**** DATASET CONTENT ****

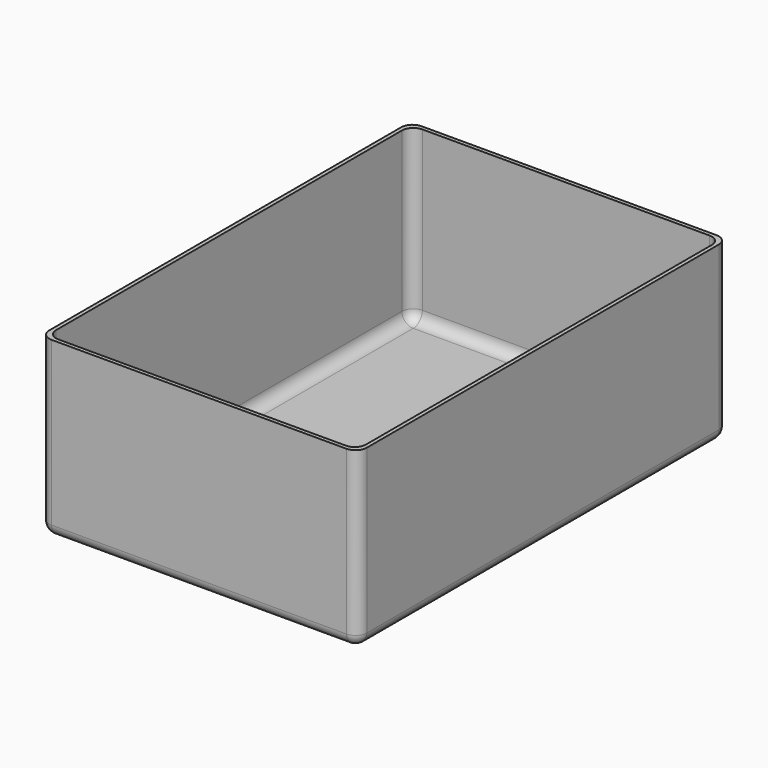
from build123d import *

# Parameters (mm, degrees)
F0_W         = 140.4
F0_H         = 204.5
F1_DEPTH     = 77.1
F2_W         = 137
F2_H         = 201.1
F3_DEPTH     = 75.4
F4_R         = 5
F5_T1_DEPTH  = 70.4
F5_S5_W      = 5
F5_S5_H      = 5
F5_T6_DEPTH  = 5
F5_S11_W     = 5
F5_S11_H     = 5
F5_T12_DEPTH = 5
F5_S17_W     = 5
F5_S17_H     = 5
F5_T18_DEPTH = 5
F5_S23_W     = 5
F5_S23_H     = 5
F5_T24_DEPTH = 5
F5_T27_DEPTH = 84.6
F5_S31_W     = 5
F5_S31_H     = 5
F5_T32_DEPTH = 5
F5_S37_W     = 5
F5_S37_H     = 5
F5_T38_DEPTH = 5
F5_S43_W     = 5
F5_S43_H     = 5
F5_T44_DEPTH = 5
F5_S49_W     = 5
F5_S49_H     = 5
F5_T50_DEPTH = 5


# Not quite as in the source:
# - a fillet or chamfer that OpenCascade refuses, or shapes differently, is made with other operations: its cross-section is extruded or revolved along the edge and cut away or added


with BuildPart() as f1:
    # F0 (on Top) → F1 (new body)
    with BuildSketch(Plane.XY):
        with Locations((70.2, 102.25)):
            Rectangle(F0_W, F0_H)
    extrude(amount=F1_DEPTH)

    # F2 (on face) → F3 (cut)
    with BuildSketch(Plane.XY.offset(77.1)):
        with Locations((70.2, 102.25)):
            Rectangle(F2_W, F2_H)
    extrude(amount=-F3_DEPTH, mode=Mode.SUBTRACT)

    # F4
    f4_edges = [f1.edges().sort_by_distance(p)[0] for p in [
        (70.2, 202.8, 1.7),
        (1.7, 102.25, 1.7),
        (70.2, 1.7, 1.7),
        (138.7, 102.25, 1.7),
        (0, 102.25, 0),
        (70.2, 0, 0),
        (140.4, 102.25, 0),
        (70.2, 204.5, 0),
    ]]
    fillet(f4_edges, radius=F4_R)

    # F5: fillet of radius 5 on 8 edges, made by hand

    # F5_s2 → F5_t1 (join)
    with BuildSketch(Plane.XY.offset(6.7)):
        with BuildLine():
            ThreePointArc((133.7, 202.8), (137.2355339059, 201.3355339059), (138.7, 197.8))
            Line((138.7, 197.8), (138.7, 202.8))
            Line((138.7, 202.8), (133.7, 202.8))
        make_face()
        with BuildLine():
            ThreePointArc((6.7, 202.8), (3.1644660941, 201.3355339059), (1.7, 197.8))
            Line((1.7, 197.8), (1.7, 202.8))
            Line((1.7, 202.8), (6.7, 202.8))
        make_face()
        with BuildLine():
            ThreePointArc((1.7, 6.7), (3.1644660941, 3.1644660941), (6.7, 1.7))
            Line((6.7, 1.7), (1.7, 1.7))
            Line((1.7, 1.7), (1.7, 6.7))
        make_face()
        with BuildLine():
            ThreePointArc((133.7, 1.7), (137.2355339059, 3.1644660941), (138.7, 6.7))
            Line((138.7, 6.7), (138.7, 1.7))
            Line((138.7, 1.7), (133.7, 1.7))
        make_face()
    extrude(amount=F5_T1_DEPTH)


with BuildPart() as f5_tool4:
    # F5_s5 → F5_t6 (new body)
    with BuildSketch(Plane.XZ.offset(-6.7)):
        with Locations((136.2, 4.2)):
            Rectangle(F5_S5_W, F5_S5_H)
    extrude(amount=F5_T6_DEPTH)

    # F5_s7 → F5_t8 (revolve, cut)
    with BuildSketch(Plane(origin=(133.7, 6.7, 6.7), x_dir=(-0.7071067812, 0, 0.7071067812), z_dir=(0.7071067812, 0, 0.7071067812))):
        with BuildLine():
            ThreePointArc((0, -5), (5, 0), (0, 5))
            Line((0, 5), (0, -5))
        make_face()
    revolve(axis=Axis((133.7, 6.7, 6.7), (0, -1, 0)), mode=Mode.SUBTRACT)


with BuildPart() as f1_1:
    add(f1.part)

    # F5_t3: union F5_tool4
    add(f5_tool4.part)


with BuildPart() as f5_tool10:
    # F5_s11 → F5_t12 (new body)
    with BuildSketch(Plane.YZ.offset(6.7)):
        with Locations((4.2, 4.2)):
            Rectangle(F5_S11_W, F5_S11_H)
    extrude(amount=-F5_T12_DEPTH)

    # F5_s13 → F5_t14 (revolve, cut)
    with BuildSketch(Plane(origin=(6.7, 6.7, 6.7), x_dir=(0, 0.7071067812, 0.7071067812), z_dir=(0, -0.7071067812, 0.7071067812))):
        with BuildLine():
            ThreePointArc((0, -5), (5, 0), (0, 5))
            Line((0, 5), (0, -5))
        make_face()
    revolve(axis=Axis((6.7, 6.7, 6.7), (-1, 0, 0)), mode=Mode.SUBTRACT)


with BuildPart() as f1_2:
    add(f1_1.part)

    # F5_t9: union F5_tool10
    add(f5_tool10.part)


with BuildPart() as f5_tool16:
    # F5_s17 → F5_t18 (new body)
    with BuildSketch(Plane.XZ.offset(-197.8)):
        with Locations((4.2, 4.2)):
            Rectangle(F5_S17_W, F5_S17_H)
    extrude(amount=-F5_T18_DEPTH)

    # F5_s19 → F5_t20 (revolve, cut)
    with BuildSketch(Plane(origin=(6.7, 197.8, 6.7), x_dir=(0.7071067812, 0, 0.7071067812), z_dir=(-0.7071067812, 0, 0.7071067812))):
        with BuildLine():
            ThreePointArc((0, -5), (5, 0), (0, 5))
            Line((0, 5), (0, -5))
        make_face()
    revolve(axis=Axis((6.7, 197.8, 6.7), (0, 1, 0)), mode=Mode.SUBTRACT)


with BuildPart() as f1_3:
    add(f1_2.part)

    # F5_t15: union F5_tool16
    add(f5_tool16.part)


with BuildPart() as f5_tool22:
    # F5_s23 → F5_t24 (new body)
    with BuildSketch(Plane.XZ.offset(-197.8)):
        with Locations((136.2, 4.2)):
            Rectangle(F5_S23_W, F5_S23_H)
    extrude(amount=-F5_T24_DEPTH)

    # F5_s25 → F5_t26 (revolve, cut)
    with BuildSketch(Plane(origin=(133.7, 197.8, 6.7), x_dir=(-0.7071067812, 0, 0.7071067812), z_dir=(-0.7071067812, 0, -0.7071067812))):
        with BuildLine():
            ThreePointArc((0, -5), (5, 0), (0, 5))
            Line((0, 5), (0, -5))
        make_face()
    revolve(axis=Axis((133.7, 197.8, 6.7), (0, 1, 0)), mode=Mode.SUBTRACT)


with BuildPart() as f1_4:
    add(f1_3.part)

    # F5_t21: union F5_tool22
    add(f5_tool22.part)

    # F5_s28 → F5_t27 (cut)
    with BuildSketch(Plane.XY.offset(5)):
        with BuildLine():
            ThreePointArc((0, 5), (1.4644660941, 1.4644660941), (5, 0))
            Line((5, 0), (0, 0))
            Line((0, 0), (0, 5))
        make_face()
        with BuildLine():
            ThreePointArc((135.4, 0), (138.9355339059, 1.4644660941), (140.4, 5))
            Line((140.4, 5), (140.4, 0))
            Line((140.4, 0), (135.4, 0))
        make_face()
        with BuildLine():
            ThreePointArc((135.4, 204.5), (138.9355339059, 203.0355339059), (140.4, 199.5))
            Line((140.4, 199.5), (140.4, 204.5))
            Line((140.4, 204.5), (135.4, 204.5))
        make_face()
        with BuildLine():
            ThreePointArc((0, 199.5), (1.4644660941, 203.0355339059), (5, 204.5))
            Line((5, 204.5), (0, 204.5))
            Line((0, 204.5), (0, 199.5))
        make_face()
    extrude(amount=F5_T27_DEPTH, mode=Mode.SUBTRACT)


with BuildPart() as f5_tool30:
    # F5_s31 → F5_t32 (new body)
    with BuildSketch(Plane.YZ.offset(5)):
        with Locations((202, 2.5)):
            Rectangle(F5_S31_W, F5_S31_H)
    extrude(amount=-F5_T32_DEPTH)

    # F5_s33 → F5_t34 (revolve, cut)
    with BuildSketch(Plane(origin=(5, 199.5, 5), x_dir=(0, -0.7071067812, 0.7071067812), z_dir=(0, -0.7071067812, -0.7071067812))):
        with BuildLine():
            ThreePointArc((0, -5), (5, 0), (0, 5))
            Line((0, 5), (0, -5))
        make_face()
    revolve(axis=Axis((5, 199.5, 5), (-1, 0, 0)), mode=Mode.SUBTRACT)


with BuildPart() as f1_5:
    add(f1_4.part)

    # F5_t29: cut F5_tool30
    add(f5_tool30.part, mode=Mode.SUBTRACT)


with BuildPart() as f5_tool36:
    # F5_s37 → F5_t38 (new body)
    with BuildSketch(Plane.XZ.offset(-199.5)):
        with Locations((137.9, 2.5)):
            Rectangle(F5_S37_W, F5_S37_H)
    extrude(amount=-F5_T38_DEPTH)

    # F5_s39 → F5_t40 (revolve, cut)
    with BuildSketch(Plane(origin=(135.4, 199.5, 5), x_dir=(-0.7071067812, 0, 0.7071067812), z_dir=(-0.7071067812, 0, -0.7071067812))):
        with BuildLine():
            ThreePointArc((0, -5), (5, 0), (0, 5))
            Line((0, 5), (0, -5))
        make_face()
    revolve(axis=Axis((135.4, 199.5, 5), (0, 1, 0)), mode=Mode.SUBTRACT)


with BuildPart() as f1_6:
    add(f1_5.part)

    # F5_t35: cut F5_tool36
    add(f5_tool36.part, mode=Mode.SUBTRACT)


with BuildPart() as f5_tool42:
    # F5_s43 → F5_t44 (new body)
    with BuildSketch(Plane.XZ.offset(-5)):
        with Locations((137.9, 2.5)):
            Rectangle(F5_S43_W, F5_S43_H)
    extrude(amount=F5_T44_DEPTH)

    # F5_s45 → F5_t46 (revolve, cut)
    with BuildSketch(Plane(origin=(135.4, 5, 5), x_dir=(-0.7071067812, 0, 0.7071067812), z_dir=(0.7071067812, 0, 0.7071067812))):
        with BuildLine():
            ThreePointArc((0, -5), (5, 0), (0, 5))
            Line((0, 5), (0, -5))
        make_face()
    revolve(axis=Axis((135.4, 5, 5), (0, -1, 0)), mode=Mode.SUBTRACT)


with BuildPart() as f1_7:
    add(f1_6.part)

    # F5_t41: cut F5_tool42
    add(f5_tool42.part, mode=Mode.SUBTRACT)


with BuildPart() as f5_tool48:
    # F5_s49 → F5_t50 (new body)
    with BuildSketch(Plane.YZ.offset(5)):
        with Locations((2.5, 2.5)):
            Rectangle(F5_S49_W, F5_S49_H)
    extrude(amount=-F5_T50_DEPTH)

    # F5_s51 → F5_t52 (revolve, cut)
    with BuildSketch(Plane(origin=(5, 5, 5), x_dir=(0, 0.7071067812, 0.7071067812), z_dir=(0, -0.7071067812, 0.7071067812))):
        with BuildLine():
            ThreePointArc((0, -5), (5, 0), (0, 5))
            Line((0, 5), (0, -5))
        make_face()
    revolve(axis=Axis((5, 5, 5), (-1, 0, 0)), mode=Mode.SUBTRACT)


with BuildPart() as f1_8:
    add(f1_7.part)

    # F5_t47: cut F5_tool48
    add(f5_tool48.part, mode=Mode.SUBTRACT)


solid = f1_8.part

****

**EXERCISE OBJECTIVE**
Please find, in the entries above, every line where "body" occurs, and copy it.

**SOLUTION TO THIS TASK**
    # F0 (on Top) → F1 (new body)
    # F5_s5 → F5_t6 (new body)
    # F5_s11 → F5_t12 (new body)
    # F5_s17 → F5_t18 (new body)
    # F5_s23 → F5_t24 (new body)
    # F5_s31 → F5_t32 (new body)
    # F5_s37 → F5_t38 (new body)
    # F5_s43 → F5_t44 (new body)
    # F5_s49 → F5_t50 (new body)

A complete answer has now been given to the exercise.